Exercise aim. This exercise calls for every line of the data below with the string "AdditionalHoleCount" in it.

----- Source information -----

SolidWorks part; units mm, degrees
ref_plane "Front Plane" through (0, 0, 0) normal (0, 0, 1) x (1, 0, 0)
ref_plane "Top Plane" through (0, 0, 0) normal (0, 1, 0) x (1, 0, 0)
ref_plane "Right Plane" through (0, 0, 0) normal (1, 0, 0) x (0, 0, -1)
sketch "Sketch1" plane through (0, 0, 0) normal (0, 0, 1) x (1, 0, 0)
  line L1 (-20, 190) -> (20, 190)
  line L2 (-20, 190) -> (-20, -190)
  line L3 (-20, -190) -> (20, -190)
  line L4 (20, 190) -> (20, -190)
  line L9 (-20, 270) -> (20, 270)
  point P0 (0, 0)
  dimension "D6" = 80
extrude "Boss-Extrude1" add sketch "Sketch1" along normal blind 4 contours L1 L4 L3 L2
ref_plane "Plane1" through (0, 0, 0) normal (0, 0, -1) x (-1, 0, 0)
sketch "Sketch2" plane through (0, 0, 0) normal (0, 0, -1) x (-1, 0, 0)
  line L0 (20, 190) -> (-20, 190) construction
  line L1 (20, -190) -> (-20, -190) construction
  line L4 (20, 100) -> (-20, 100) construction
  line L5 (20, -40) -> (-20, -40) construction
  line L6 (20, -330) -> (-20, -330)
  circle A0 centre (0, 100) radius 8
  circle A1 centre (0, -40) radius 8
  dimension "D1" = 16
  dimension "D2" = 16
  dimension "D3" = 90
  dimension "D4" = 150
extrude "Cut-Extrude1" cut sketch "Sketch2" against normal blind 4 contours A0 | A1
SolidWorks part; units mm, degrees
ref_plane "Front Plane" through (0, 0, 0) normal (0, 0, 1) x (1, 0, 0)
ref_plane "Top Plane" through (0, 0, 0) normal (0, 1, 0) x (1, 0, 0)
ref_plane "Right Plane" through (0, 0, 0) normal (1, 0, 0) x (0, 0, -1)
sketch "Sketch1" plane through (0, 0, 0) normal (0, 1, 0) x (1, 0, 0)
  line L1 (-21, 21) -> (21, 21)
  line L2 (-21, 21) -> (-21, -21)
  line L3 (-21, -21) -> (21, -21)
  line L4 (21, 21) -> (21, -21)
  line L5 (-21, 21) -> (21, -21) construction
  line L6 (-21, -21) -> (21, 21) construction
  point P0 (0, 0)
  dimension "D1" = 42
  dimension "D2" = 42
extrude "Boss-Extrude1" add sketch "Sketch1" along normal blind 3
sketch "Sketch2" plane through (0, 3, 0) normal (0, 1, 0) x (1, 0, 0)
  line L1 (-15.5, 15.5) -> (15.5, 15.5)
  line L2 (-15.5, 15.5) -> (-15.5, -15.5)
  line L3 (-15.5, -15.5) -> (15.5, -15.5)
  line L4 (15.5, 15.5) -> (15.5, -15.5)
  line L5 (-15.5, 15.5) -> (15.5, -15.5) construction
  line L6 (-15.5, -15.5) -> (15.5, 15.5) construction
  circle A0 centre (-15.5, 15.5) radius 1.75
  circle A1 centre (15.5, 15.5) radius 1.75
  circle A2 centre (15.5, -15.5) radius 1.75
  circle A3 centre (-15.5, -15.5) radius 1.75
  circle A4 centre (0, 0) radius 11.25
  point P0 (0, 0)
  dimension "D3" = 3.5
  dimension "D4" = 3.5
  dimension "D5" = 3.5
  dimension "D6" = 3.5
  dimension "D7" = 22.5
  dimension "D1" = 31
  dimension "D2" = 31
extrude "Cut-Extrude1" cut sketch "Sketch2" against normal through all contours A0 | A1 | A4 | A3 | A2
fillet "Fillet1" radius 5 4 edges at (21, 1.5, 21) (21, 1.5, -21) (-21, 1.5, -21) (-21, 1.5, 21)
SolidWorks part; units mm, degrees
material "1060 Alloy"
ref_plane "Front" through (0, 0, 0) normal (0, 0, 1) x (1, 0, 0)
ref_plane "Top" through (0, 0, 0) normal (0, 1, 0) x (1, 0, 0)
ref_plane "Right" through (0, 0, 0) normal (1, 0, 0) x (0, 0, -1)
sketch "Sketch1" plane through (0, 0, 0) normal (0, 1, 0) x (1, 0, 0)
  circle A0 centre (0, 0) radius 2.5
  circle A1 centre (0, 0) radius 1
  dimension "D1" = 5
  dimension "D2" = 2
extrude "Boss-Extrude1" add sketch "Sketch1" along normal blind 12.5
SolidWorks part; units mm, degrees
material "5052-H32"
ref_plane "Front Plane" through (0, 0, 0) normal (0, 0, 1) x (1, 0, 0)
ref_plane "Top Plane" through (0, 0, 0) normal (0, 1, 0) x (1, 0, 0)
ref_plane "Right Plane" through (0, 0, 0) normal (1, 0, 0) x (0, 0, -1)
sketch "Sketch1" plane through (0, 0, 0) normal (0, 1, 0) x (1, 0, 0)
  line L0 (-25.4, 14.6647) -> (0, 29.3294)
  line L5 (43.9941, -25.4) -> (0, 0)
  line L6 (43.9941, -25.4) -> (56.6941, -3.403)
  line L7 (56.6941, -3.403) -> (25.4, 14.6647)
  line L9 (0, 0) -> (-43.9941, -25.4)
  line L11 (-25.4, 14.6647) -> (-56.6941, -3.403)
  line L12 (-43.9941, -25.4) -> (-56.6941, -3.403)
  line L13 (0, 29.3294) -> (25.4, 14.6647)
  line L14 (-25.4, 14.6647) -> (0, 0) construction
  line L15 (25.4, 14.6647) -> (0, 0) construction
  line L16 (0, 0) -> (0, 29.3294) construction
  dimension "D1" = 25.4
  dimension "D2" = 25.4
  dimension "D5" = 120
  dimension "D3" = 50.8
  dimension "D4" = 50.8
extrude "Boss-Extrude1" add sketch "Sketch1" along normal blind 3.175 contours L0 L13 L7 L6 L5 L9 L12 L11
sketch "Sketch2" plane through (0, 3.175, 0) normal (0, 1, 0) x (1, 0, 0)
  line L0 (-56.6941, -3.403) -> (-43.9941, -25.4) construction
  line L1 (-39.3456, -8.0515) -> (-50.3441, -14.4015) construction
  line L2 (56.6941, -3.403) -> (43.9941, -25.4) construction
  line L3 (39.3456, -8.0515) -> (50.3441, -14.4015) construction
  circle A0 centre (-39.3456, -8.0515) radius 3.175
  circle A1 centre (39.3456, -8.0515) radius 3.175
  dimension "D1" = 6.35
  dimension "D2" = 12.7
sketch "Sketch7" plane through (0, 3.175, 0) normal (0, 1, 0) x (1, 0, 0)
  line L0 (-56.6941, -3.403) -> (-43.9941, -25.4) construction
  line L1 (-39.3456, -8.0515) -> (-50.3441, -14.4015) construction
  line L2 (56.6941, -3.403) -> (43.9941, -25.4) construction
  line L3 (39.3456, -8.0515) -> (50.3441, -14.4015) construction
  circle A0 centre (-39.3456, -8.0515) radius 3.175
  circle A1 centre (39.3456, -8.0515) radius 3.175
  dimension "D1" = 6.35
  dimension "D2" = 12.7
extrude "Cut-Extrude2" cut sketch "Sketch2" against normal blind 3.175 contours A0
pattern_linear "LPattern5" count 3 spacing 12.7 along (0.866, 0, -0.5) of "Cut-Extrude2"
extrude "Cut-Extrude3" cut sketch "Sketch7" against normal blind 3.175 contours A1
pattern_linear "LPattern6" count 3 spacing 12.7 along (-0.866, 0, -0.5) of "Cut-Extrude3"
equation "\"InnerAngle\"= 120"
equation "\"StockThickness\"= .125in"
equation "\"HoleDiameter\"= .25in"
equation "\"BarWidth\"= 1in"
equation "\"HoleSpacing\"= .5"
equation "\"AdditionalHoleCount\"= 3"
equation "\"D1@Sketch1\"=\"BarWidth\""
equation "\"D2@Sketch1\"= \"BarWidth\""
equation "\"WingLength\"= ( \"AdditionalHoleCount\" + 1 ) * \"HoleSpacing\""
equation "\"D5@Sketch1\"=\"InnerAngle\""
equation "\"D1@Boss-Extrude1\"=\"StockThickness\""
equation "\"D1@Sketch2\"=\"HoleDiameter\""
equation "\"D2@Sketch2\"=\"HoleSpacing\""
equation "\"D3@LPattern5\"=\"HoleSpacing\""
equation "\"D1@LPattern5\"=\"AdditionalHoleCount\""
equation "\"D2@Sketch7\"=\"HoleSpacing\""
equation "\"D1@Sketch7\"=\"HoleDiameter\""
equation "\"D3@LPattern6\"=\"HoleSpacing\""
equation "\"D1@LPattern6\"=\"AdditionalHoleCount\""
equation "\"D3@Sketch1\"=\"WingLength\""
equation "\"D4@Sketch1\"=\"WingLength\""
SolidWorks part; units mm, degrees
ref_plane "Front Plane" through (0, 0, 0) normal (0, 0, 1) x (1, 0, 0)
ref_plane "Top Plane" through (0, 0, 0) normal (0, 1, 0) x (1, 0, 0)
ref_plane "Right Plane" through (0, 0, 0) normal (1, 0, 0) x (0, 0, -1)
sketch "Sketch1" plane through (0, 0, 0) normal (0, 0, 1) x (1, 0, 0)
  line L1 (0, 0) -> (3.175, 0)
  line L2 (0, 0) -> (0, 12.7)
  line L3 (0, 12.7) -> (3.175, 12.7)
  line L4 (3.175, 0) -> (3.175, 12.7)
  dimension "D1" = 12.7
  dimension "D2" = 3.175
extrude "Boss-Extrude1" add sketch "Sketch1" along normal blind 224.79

-----

Task output.
equation "\"AdditionalHoleCount\"= 3"
equation "\"WingLength\"= ( \"AdditionalHoleCount\" + 1 ) * \"HoleSpacing\""
equation "\"D1@LPattern5\"=\"AdditionalHoleCount\""
equation "\"D1@LPattern6\"=\"AdditionalHoleCount\""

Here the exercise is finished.